> [The problem] Look for the string "through" in the data below, and copy each line that holds it.

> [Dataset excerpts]
▬▬▬
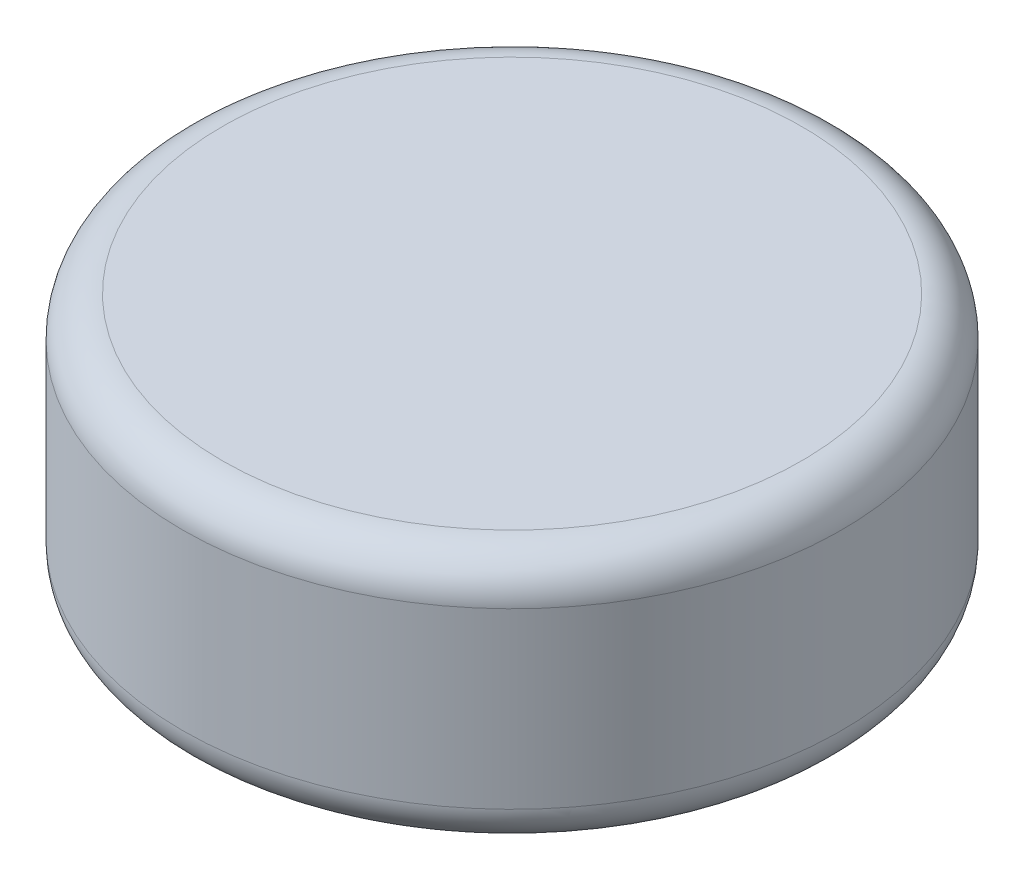
SolidWorks part; units mm, degrees
ref_plane "Piano frontale" through (0, 0, 0) normal (1, 0, 0) x (0, 1, 0)
ref_plane "Piano superiore" through (0, 0, 0) normal (0, 0, 1) x (0, 1, 0)
ref_plane "Piano destro" through (0, 0, 0) normal (0, 1, 0) x (-1, 0, 0)
sketch "Schizzo1" plane through (0, 0, 0) normal (0, 1, 0) x (-1, 0, 0)
  circle A0 centre (0, 0) radius 330.2
  dimension "D1" = 660.4
extrude "Estrusione-Estrusione1" add sketch "Schizzo1" along normal blind 254 contours A0
fillet "Raccordo1" radius 40 2 edges at (0, 0, 330.2) (0, 254, 330.2)
▬▬▬
> [Exercise result]
ref_plane "Piano frontale" through (0, 0, 0) normal (1, 0, 0) x (0, 1, 0)
ref_plane "Piano superiore" through (0, 0, 0) normal (0, 0, 1) x (0, 1, 0)
ref_plane "Piano destro" through (0, 0, 0) normal (0, 1, 0) x (-1, 0, 0)
sketch "Schizzo1" plane through (0, 0, 0) normal (0, 1, 0) x (-1, 0, 0)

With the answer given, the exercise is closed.